See a quick comparison between BSF larvae fed on soybean waste vs cow dung here:

ten-days-old-larvae-cow-dung-soybean-meal-size-comparison.jpg

Should we turn the food?

It's okay to turn the food every now & then. This helps distribute the food more evenly to everyone in the house & helps the feeding area not get too hot. Don't turn it too much though. It might then be unnecessary because turning may slow down pupation & sometimes damage the larvae little bodies.  

Summary: Food for your larvae

If you want to mix a feed without an extremely unpleasant smell, try:

  • Oats/barley/bran/brewery grains
  • Fruits
  • Beans
  • Veggies

Basically, things that come from plants will give a slightly less unpleasant smell than that from an animal source (because of the high protein or nitrogen content).

In Indonesia, for example, rice bran is cheap–about $0.5-0.7 per kilo. So growers use that as food. The downside to rice bran is that it can create quite a hot feeding area, so remember to mix in some water, beer grains or cashew shells to space out & cool it down. In Cambodia, rice bran is expensive so they choose another food source. If you live in the US, a bag of 50 lbs rolled oats can be had for about $10-20. This is very affordable.

These less smelly foods are suitable if you live in a residential area & don't want to bother the neighbors, visitors or your loved ones with the smell. It's good if you're raising the BSF larvae indoors.

If you're okay with the smell & want to go into beast mode, try:

  • Chicken, pig, rabbit, cat poop
  • Decaying chicken, fish, shrimp
  • Dead BSF bodies

The larvae love meat! Any high-calorie, high-energy foodstuff will do. Make sure these come from good sources so your larvae won't be eating some sickly bits from the start. If you combine the BSF raising with chicken raising, you can utilize the chicken manure to feed the BSF larvae. Then, as they grow up you can feed the larvae again to the chickens.

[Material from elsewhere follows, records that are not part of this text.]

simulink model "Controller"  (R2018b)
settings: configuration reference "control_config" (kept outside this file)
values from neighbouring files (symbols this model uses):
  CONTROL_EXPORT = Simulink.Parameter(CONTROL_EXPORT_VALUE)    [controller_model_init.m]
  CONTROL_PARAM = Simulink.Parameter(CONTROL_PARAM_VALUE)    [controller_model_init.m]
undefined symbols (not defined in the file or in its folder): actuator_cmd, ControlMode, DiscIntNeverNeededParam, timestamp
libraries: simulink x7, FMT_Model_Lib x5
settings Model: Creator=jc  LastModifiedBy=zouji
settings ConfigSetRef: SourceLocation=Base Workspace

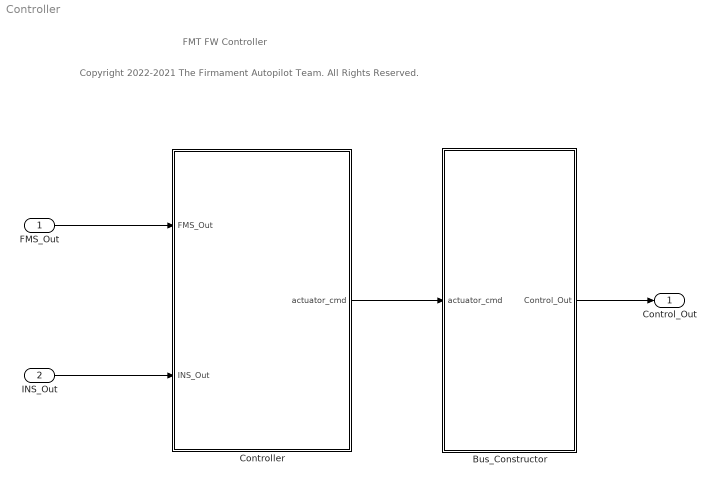
== system Controller ==
  note: Copyright 2022-2021 The Firmament Autopilot Team. All Rights Reserved.
  note: FMT FW Controller
  FMS_Out : Inport  OutDataTypeStr=Bus: FMS_Out_Bus
  INS_Out : Inport  Port=2  OutDataTypeStr=Bus: INS_Out_Bus
  Bus_Constructor : Subsystem
  Controller : Subsystem
  Control_Out : Outport  OutDataTypeStr=Bus: Control_Out_Bus
  wires:
  FMS_Out/1 -> Controller/1(FMS_Out)
  INS_Out/1 -> Controller/2(INS_Out)
  Controller/1(actuator_cmd) -> Bus_Constructor/1(actuator_cmd)
  Bus_Constructor/1(Control_Out) -> Control_Out/1

== system Controller/Bus_Constructor ==
  actuator_cmd : Inport
  Bus Assignment : BusAssignment  AssignedSignals=actuator_cmd,timestamp
  Constant : Constant  Value=0  OutDataTypeStr=Bus: Control_Out_Bus
  timestamp : Subsystem  mask{sample_time=CONTROL_EXPORT.period}
      mask prompts: sample_time "sample time (ms)"
  Control_Out : Outport
  wires:
  actuator_cmd/1 -> Bus Assignment/2
  Constant/1 -> Bus Assignment/1
  Bus Assignment/1 -> Control_Out/1
  timestamp/1(timestamp_ms) -> Bus Assignment/3

== system Controller/Controller ==
  FMS_Out : Inport
  INS_Out : Inport  Port=2
  Airspeed : Subsystem
  Attitude_Control : Subsystem
  Control_Allocation : Subsystem  Variant=on
      settings: GeneratePreprocessorConditionals=on
  Lateral_Control : Subsystem
  Mux : Mux  Inputs=2
  TECS_Core : Subsystem
  actuator_cmd : Outport
  wires:
  INS_Out/1 -> Attitude_Control/3(INS_Out), Lateral_Control/2(INS_Out), TECS_Core/3(INS_Out), Airspeed/1(INS_Out)
  Attitude_Control/1(torque_cmd) -> Control_Allocation/2(torque_cmd)
  TECS_Core/2(throttle_cmd) -> Control_Allocation/3(line_acc_cmd)
  Lateral_Control/1(phi_cmd) -> TECS_Core/1(pos_phi_cmd), Mux/1
  TECS_Core/1(theta_cmd) -> Mux/2
  Mux/1 -> Attitude_Control/4(att_cmd)
  Control_Allocation/1(actuator_cmd) -> actuator_cmd/1
  FMS_Out/1 -> TECS_Core/2(FMS_Out), Lateral_Control/1(FMS_Out), Control_Allocation/1(FMS_Out), Attitude_Control/1(FMS_Out)
  Airspeed/1(Vt) -> Attitude_Control/2(Vt), TECS_Core/4(Vt)

== system Controller/Bus_Constructor/timestamp ==
  Constant : Constant  Value=sample_time
  Data Type Conversion : DataTypeConversion  OutDataTypeStr=uint32
  Discrete-Time Integrator : DiscreteIntegrator  IntegratorMethod=Accumulation: Forward Euler  SampleTime=-1  ICPrevOutput=DiscIntNeverNeededParam  ICPrevScaledInput=DiscIntNeverNeededParam
  timestamp_ms : Outport
  wires:
  Discrete-Time Integrator/1 -> Data Type Conversion/1
  Constant/1 -> Discrete-Time Integrator/1
  Data Type Conversion/1 -> timestamp_ms/1

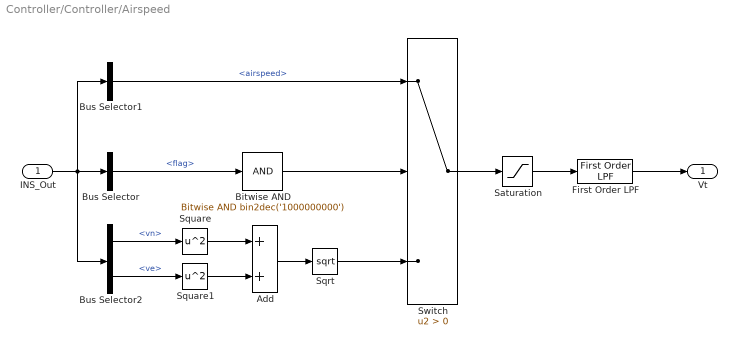
== system Controller/Controller/Airspeed ==
  INS_Out : Inport
  Add : Sum
  Bitwise AND : simulink/Logic and Bit Operations/Bitwise Operator  logicop=AND  UseBitMask=on  BitMask=bin2dec('1000000000')  BitMaskRealWorld=Stored Integer
  Bus Selector : BusSelector  OutputSignals=flag
  Bus Selector1 : BusSelector  OutputSignals=airspeed
  Bus Selector2 : BusSelector  OutputSignals=vn,ve
  First Order LPF : FMT_Model_Lib/Filter/First Order LPF  fc=20
      settings: SourceProductName=FMT Toolbox
  Saturation : Saturate  UpperLimit=100  LowerLimit=0.1
  Sqrt : Sqrt  SaturateOnIntegerOverflow=on
  Square : Math  Operator=square  SaturateOnIntegerOverflow=on
  Square1 : Math  Operator=square  SaturateOnIntegerOverflow=on
  Switch : Switch  Criteria=u2 > Threshold
  Vt : Outport
  wires:
  INS_Out/1 -> Bus Selector2/1, Bus Selector1/1, Bus Selector/1
  Bitwise AND/1 -> Switch/2
  Bus Selector/1 -> Bitwise AND/1  "<flag>"
  Bus Selector1/1 -> Switch/1  "<airspeed>"
  Bus Selector2/1 -> Square/1  "<vn>"
  Bus Selector2/2 -> Square1/1  "<ve>"
  Square/1 -> Add/1
  Square1/1 -> Add/2
  Add/1 -> Sqrt/1
  Sqrt/1 -> Switch/3
  Switch/1 -> Saturation/1
  Saturation/1 -> First Order LPF/1
  First Order LPF/1 -> Vt/1

== system Controller/Controller/Attitude_Control ==
  FMS_Out : Inport
  Vt : Inport  Port=2
  INS_Out : Inport  Port=3
  att_cmd : Inport  Port=4
  Innerloop_Rate_Control : Subsystem
  Outloop_Angle_Control : Subsystem
  torque_cmd : Outport
  wires:
  INS_Out/1 -> Innerloop_Rate_Control/3(INS_Out), Outloop_Angle_Control/2(INS_Out)
  FMS_Out/1 -> Innerloop_Rate_Control/2(FMS_Out), Outloop_Angle_Control/3(FMS_Out)
  Outloop_Angle_Control/1(euler_rate_cmd) -> Innerloop_Rate_Control/1(euler_rate_cmd)
  Innerloop_Rate_Control/1(rate_dot_cmd) -> torque_cmd/1
  att_cmd/1 -> Outloop_Angle_Control/1(att_cmd)
  Vt/1 -> Innerloop_Rate_Control/4(Vt), Outloop_Angle_Control/4(Vt)

== system Controller/Controller/Control_Allocation ==
  note: 1) Add Subsystem or Model blocks as valid variant choices.
      | 2) You cannot connect blocks at this level. At simulation, connectivity is automatically
      | determined, based on the active variant and port name matching.
  FMS_Out : Inport
  torque_cmd : Inport  Port=2
  line_acc_cmd : Inport  Port=3
  Fixwing : Subsystem  TreatAsAtomicUnit=on  VariantControl=AIRFRAME==1
      mask Display: image('.\figures\fixwing.png');
  actuator_cmd : Outport

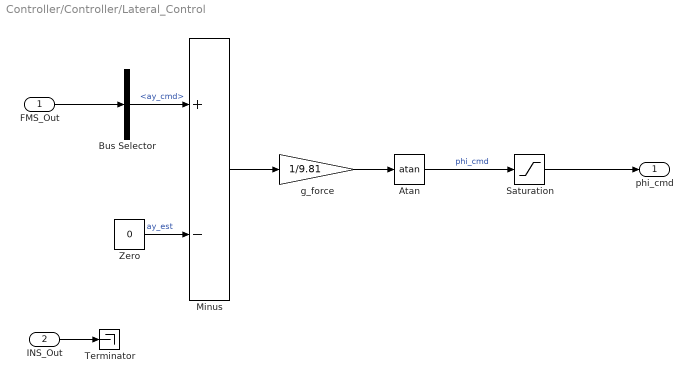
== system Controller/Controller/Lateral_Control ==
  FMS_Out : Inport
  INS_Out : Inport  Port=2
  Atan : Trigonometry  Operator=atan
  Bus Selector : BusSelector  OutputSignals=ay_cmd
  Minus : Sum  Inputs=+-
  Saturation : Saturate  UpperLimit=CONTROL_PARAM.ROLL_PITCH_CMD_LIM  LowerLimit=-CONTROL_PARAM.ROLL_PITCH_CMD_LIM
  Terminator : Terminator
  Zero : Constant  Value=0  OutDataTypeStr=Inherit: Inherit via back propagation
  g_force : Gain  Gain=1/9.81
  phi_cmd : Outport
  wires:
  FMS_Out/1 -> Bus Selector/1
  Bus Selector/1 -> Minus/1  "<ay_cmd>"
  Zero/1 -> Minus/2  "ay_est"
  Minus/1 -> g_force/1
  g_force/1 -> Atan/1
  Atan/1 -> Saturation/1  "phi_cmd"
  INS_Out/1 -> Terminator/1
  Saturation/1 -> phi_cmd/1

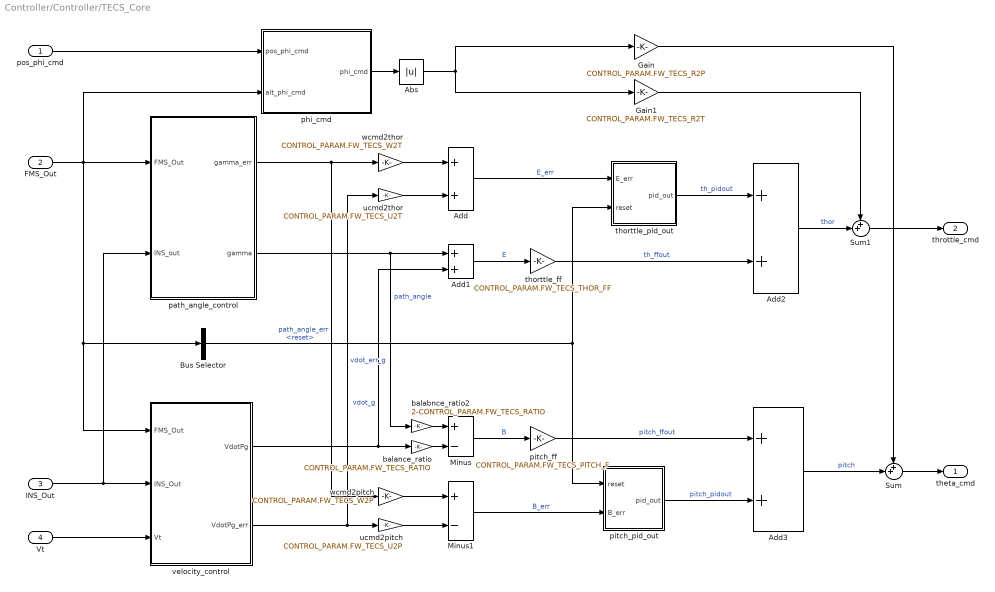
== system Controller/Controller/TECS_Core ==
  pos_phi_cmd : Inport
  FMS_Out : Inport  Port=2
  INS_Out : Inport  Port=3
  Vt : Inport  Port=4
  Abs : Abs
  Add{,1..3} (4 alike) : Sum
  Bus Selector : BusSelector  OutputSignals=reset
  Gain : Gain  Gain=CONTROL_PARAM.FW_TECS_R2P
  Gain1 : Gain  Gain=CONTROL_PARAM.FW_TECS_R2T
  Minus : Sum  Inputs=+-
  Minus1 : Sum  Inputs=+-
  Sum : Sum  Inputs=++|
  Sum1 : Sum  Inputs=++|
  balabnce_ratio2 : Gain  Gain=2-CONTROL_PARAM.FW_TECS_RATIO
  balance_ratio : Gain  Gain=CONTROL_PARAM.FW_TECS_RATIO
  path_angle_control : Subsystem
  phi_cmd : Subsystem
  pitch_ff : Gain  Gain=CONTROL_PARAM.FW_TECS_PITCH_F
  pitch_pid_out : Subsystem
  thorttle_ff : Gain  Gain=CONTROL_PARAM.FW_TECS_THOR_FF
  thorttle_pid_out : Subsystem
  ucmd2pitch : Gain  Gain=CONTROL_PARAM.FW_TECS_U2P
  ucmd2thor : Gain  Gain=CONTROL_PARAM.FW_TECS_U2T
  velocity_control : Subsystem
  wcmd2pitch : Gain  Gain=CONTROL_PARAM.FW_TECS_W2P
  wcmd2thor : Gain  Gain=CONTROL_PARAM.FW_TECS_W2T
  theta_cmd : Outport
  throttle_cmd : Outport  Port=2
  wires:
  INS_Out/1 -> path_angle_control/2(INS_out), velocity_control/2(INS_Out)
  path_angle_control/1(gamma_err) -> wcmd2pitch/1, wcmd2thor/1  "path_angle_err"
  velocity_control/2(VdotPg_err) -> ucmd2thor/1, ucmd2pitch/1  "vdot_err_g"
  velocity_control/1(VdotPg) -> Add1/2, balance_ratio/1  "vdot_g"
  path_angle_control/2(gamma) -> balabnce_ratio2/1, Add1/1  "path_angle"
  Minus/1 -> pitch_ff/1  "B"
  Add1/1 -> thorttle_ff/1  "E"
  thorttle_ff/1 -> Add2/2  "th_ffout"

The BSF castings can then be fed to your worms.

These more smelly foods are great if you have a bigger raising space far away from residential houses which won't bother anyone around.

For smaller farms near people's houses, some farmers were forced to suspend or shut down their operations because of the reports to local officials of the foul smell. In this situation, pre-treat the feed with some enzymes or microbes (Lactobacillus or Trichoderma). The fermentation process can help get rid of the heavy smell while still retaining the nutrients in the food.

Also, try not to add too much water. This may drive away the oxygen & creates an anaerobic environment that causes the bad smell. After some fermenting, the food will now smell very light with a mild level of sourness that's bearable. This is easier to handle for the owners, the staff working there, the visitors to the farm & the animals living near by.

The advantage of these foods is that they boost up the larvae growth pretty fat & fast. From experience, these meat-fed guys are usually pretty badass. They are stronger & produce more eggs than the ones that are fed with plants mostly.

If you can't find fresh food sources, some people use processed food like:

  • Chicken feed
  • Biscuits/crackers
  • Shrimp feed

Overall, the key to choosing what the larvae eat is if you throw the food into the ground for 5000 years and it decays, then it's okay for the larvae to eat. If it's in the ground for 1 million year but still doesn't break down, then it's a no-no. Hope this brief post has given you some ideas for feeding your larvae. Good luck getting your black soldier fly colony started.